# Aim of the exercise
Copy exactly, and only, the lines between the start of the entries below and the line containing "#24220 = EDGE_CURVE", both inclusive. Omit pictures.

(Data records)
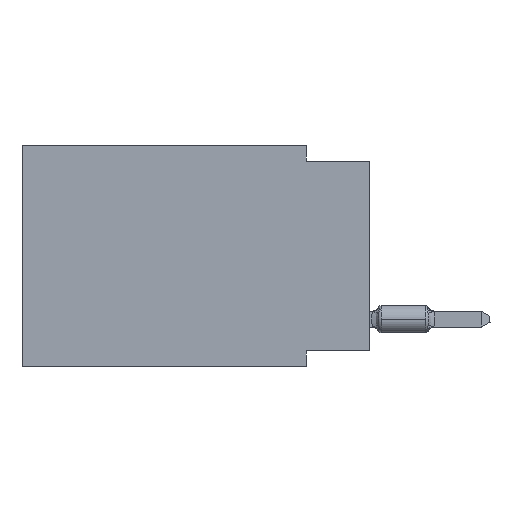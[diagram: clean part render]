
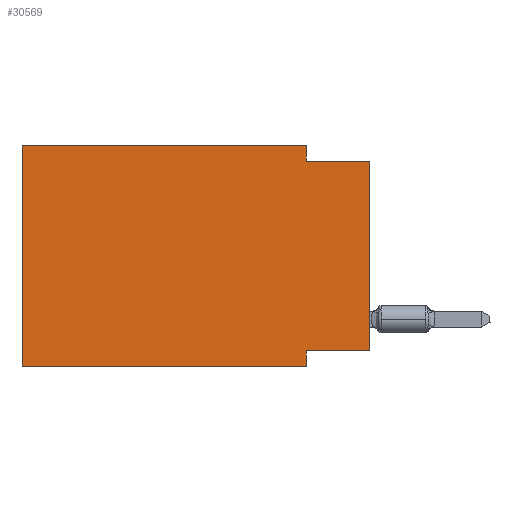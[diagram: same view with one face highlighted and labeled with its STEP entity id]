
A CAD part, left-side view. The second image highlights one B-rep face of the part: STEP entity #30569.
In plain terms, the highlighted planar face has unit normal (-1, 0, 0).
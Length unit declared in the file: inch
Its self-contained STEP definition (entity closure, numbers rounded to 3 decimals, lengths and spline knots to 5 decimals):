
#902 = CARTESIAN_POINT ( 'NONE',  ( 0., 0.1, -0.325 ) ) ;
#1743 = LINE ( 'NONE', #25455, #43242 ) ;
#2980 = CARTESIAN_POINT ( 'NONE',  ( 0., 0.55, 0. ) ) ;
#3902 = CARTESIAN_POINT ( 'NONE',  ( 0., 0.1, -0.35 ) ) ;
#5848 = CARTESIAN_POINT ( 'NONE',  ( 0., 0.1, -0.025 ) ) ;
#6308 = VERTEX_POINT ( 'NONE', #5848 ) ;
#8528 = ORIENTED_EDGE ( 'NONE', *, *, #74168, .T. ) ;
#9203 = LINE ( 'NONE', #69080, #68237 ) ;
#11462 = VECTOR ( 'NONE', #45750, 39.37008 ) ;
#11594 = EDGE_CURVE ( 'NONE', #31949, #52885, #76203, .T. ) ;
#12763 = ORIENTED_EDGE ( 'NONE', *, *, #59456, .F. ) ;
#14353 = VERTEX_POINT ( 'NONE', #38945 ) ;
#15479 = CARTESIAN_POINT ( 'NONE',  ( 0., 0., -0.025 ) ) ;
#15786 = DIRECTION ( 'NONE',  ( 0., 0., -1. ) ) ;
#17335 = CARTESIAN_POINT ( 'NONE',  ( 0., 0.55, 0. ) ) ;
#17742 = EDGE_CURVE ( 'NONE', #32774, #70221, #57403, .T. ) ;
#18881 = DIRECTION ( 'NONE',  ( 0., 0., -1. ) ) ;
#20566 = VERTEX_POINT ( 'NONE', #902 ) ;
#21736 = EDGE_CURVE ( 'NONE', #14353, #31949, #21965, .T. ) ;
#21965 = LINE ( 'NONE', #33612, #67649 ) ;
#22013 = CARTESIAN_POINT ( 'NONE',  ( 0., 0., 0. ) ) ;
#23163 = VECTOR ( 'NONE', #45049, 39.37008 ) ;
#24220 = EDGE_CURVE ( 'NONE', #6308, #70221, #56706, .T. ) ;
#25089 = LINE ( 'NONE', #76860, #75380 ) ;
#25455 = CARTESIAN_POINT ( 'NONE',  ( 0., 0., -0.325 ) ) ;
#26289 = ORIENTED_EDGE ( 'NONE', *, *, #11594, .F. ) ;
#26675 = DIRECTION ( 'NONE',  ( 1., 0., 0. ) ) ;
#27700 = AXIS2_PLACEMENT_3D ( 'NONE', #2980, #26675, #50418 ) ;
#30569 = ADVANCED_FACE ( 'NONE', ( #68688 ), #56250, .F. ) ;
#31949 = VERTEX_POINT ( 'NONE', #17335 ) ;
#32774 = VERTEX_POINT ( 'NONE', #70061 ) ;
#33612 = CARTESIAN_POINT ( 'NONE',  ( 0., 0.55, 0. ) ) ;
#34951 = DIRECTION ( 'NONE',  ( 0., -1., 0. ) ) ;
#35547 = DIRECTION ( 'NONE',  ( 0., -1., 0. ) ) ;
#36236 = ORIENTED_EDGE ( 'NONE', *, *, #21736, .F. ) ;
#36947 = ORIENTED_EDGE ( 'NONE', *, *, #24220, .F. ) ;
#38945 = CARTESIAN_POINT ( 'NONE',  ( 0., 0.55, -0.35 ) ) ;
#39728 = CARTESIAN_POINT ( 'NONE',  ( 0., 0., -0.025 ) ) ;
#40633 = DIRECTION ( 'NONE',  ( 0., 0., 1. ) ) ;
#43242 = VECTOR ( 'NONE', #72911, 39.37008 ) ;
#43648 = ORIENTED_EDGE ( 'NONE', *, *, #59138, .F. ) ;
#44253 = VERTEX_POINT ( 'NONE', #3902 ) ;
#45049 = DIRECTION ( 'NONE',  ( 0., -1., 0. ) ) ;
#45750 = DIRECTION ( 'NONE',  ( 0., 0., 1. ) ) ;
#48548 = EDGE_CURVE ( 'NONE', #52885, #6308, #25089, .T. ) ;
#50418 = DIRECTION ( 'NONE',  ( 0., 0., -1. ) ) ;
#52885 = VERTEX_POINT ( 'NONE', #57344 ) ;
#56250 = PLANE ( 'NONE',  #27700 ) ;
#56706 = LINE ( 'NONE', #15479, #23163 ) ;
#57239 = VECTOR ( 'NONE', #34951, 39.37008 ) ;
#57344 = CARTESIAN_POINT ( 'NONE',  ( 0., 0.1, 0. ) ) ;
#57403 = LINE ( 'NONE', #22013, #11462 ) ;
#58697 = ORIENTED_EDGE ( 'NONE', *, *, #48548, .F. ) ;
#59138 = EDGE_CURVE ( 'NONE', #20566, #44253, #9203, .T. ) ;
#59456 = EDGE_CURVE ( 'NONE', #32774, #20566, #1743, .T. ) ;
#67192 = VECTOR ( 'NONE', #35547, 39.37008 ) ;
#67649 = VECTOR ( 'NONE', #40633, 39.37008 ) ;
#68237 = VECTOR ( 'NONE', #15786, 39.37008 ) ;
#68688 = FACE_OUTER_BOUND ( 'NONE', #69864, .T. ) ;
#69059 = ORIENTED_EDGE ( 'NONE', *, *, #17742, .T. ) ;
#69080 = CARTESIAN_POINT ( 'NONE',  ( 0., 0.1, -0.35 ) ) ;
#69864 = EDGE_LOOP ( 'NONE', ( #69059, #36947, #58697, #26289, #36236, #8528, #43648, #12763 ) ) ;
#70061 = CARTESIAN_POINT ( 'NONE',  ( 0., 0., -0.325 ) ) ;
#70221 = VERTEX_POINT ( 'NONE', #39728 ) ;
#71339 = LINE ( 'NONE', #71722, #67192 ) ;
#71722 = CARTESIAN_POINT ( 'NONE',  ( 0., 0.55, -0.35 ) ) ;
#72911 = DIRECTION ( 'NONE',  ( 0., 1., 0. ) ) ;
#74168 = EDGE_CURVE ( 'NONE', #14353, #44253, #71339, .T. ) ;
#75055 = CARTESIAN_POINT ( 'NONE',  ( 0., 0.55, 0. ) ) ;
#75380 = VECTOR ( 'NONE', #18881, 39.37008 ) ;
#76203 = LINE ( 'NONE', #75055, #57239 ) ;
#76860 = CARTESIAN_POINT ( 'NONE',  ( 0., 0.1, 0. ) ) ;

# Reply
[diagram: clean part render]
[diagram: same view with one face highlighted and labeled with its STEP entity id]
A CAD part, left-side view. The second image highlights one B-rep face of the part: STEP entity #30569.
In plain terms, the highlighted planar face has unit normal (-1, 0, 0).
Length unit declared in the file: inch
Its self-contained STEP definition (entity closure, numbers rounded to 3 decimals, lengths and spline knots to 5 decimals):
#902 = CARTESIAN_POINT ( 'NONE',  ( 0., 0.1, -0.325 ) ) ;
#1743 = LINE ( 'NONE', #25455, #43242 ) ;
#2980 = CARTESIAN_POINT ( 'NONE',  ( 0., 0.55, 0. ) ) ;
#3902 = CARTESIAN_POINT ( 'NONE',  ( 0., 0.1, -0.35 ) ) ;
#5848 = CARTESIAN_POINT ( 'NONE',  ( 0., 0.1, -0.025 ) ) ;
#6308 = VERTEX_POINT ( 'NONE', #5848 ) ;
#8528 = ORIENTED_EDGE ( 'NONE', *, *, #74168, .T. ) ;
#9203 = LINE ( 'NONE', #69080, #68237 ) ;
#11462 = VECTOR ( 'NONE', #45750, 39.37008 ) ;
#11594 = EDGE_CURVE ( 'NONE', #31949, #52885, #76203, .T. ) ;
#12763 = ORIENTED_EDGE ( 'NONE', *, *, #59456, .F. ) ;
#14353 = VERTEX_POINT ( 'NONE', #38945 ) ;
#15479 = CARTESIAN_POINT ( 'NONE',  ( 0., 0., -0.025 ) ) ;
#15786 = DIRECTION ( 'NONE',  ( 0., 0., -1. ) ) ;
#17335 = CARTESIAN_POINT ( 'NONE',  ( 0., 0.55, 0. ) ) ;
#17742 = EDGE_CURVE ( 'NONE', #32774, #70221, #57403, .T. ) ;
#18881 = DIRECTION ( 'NONE',  ( 0., 0., -1. ) ) ;
#20566 = VERTEX_POINT ( 'NONE', #902 ) ;
#21736 = EDGE_CURVE ( 'NONE', #14353, #31949, #21965, .T. ) ;
#21965 = LINE ( 'NONE', #33612, #67649 ) ;
#22013 = CARTESIAN_POINT ( 'NONE',  ( 0., 0., 0. ) ) ;
#23163 = VECTOR ( 'NONE', #45049, 39.37008 ) ;
#24220 = EDGE_CURVE ( 'NONE', #6308, #70221, #56706, .T. ) ;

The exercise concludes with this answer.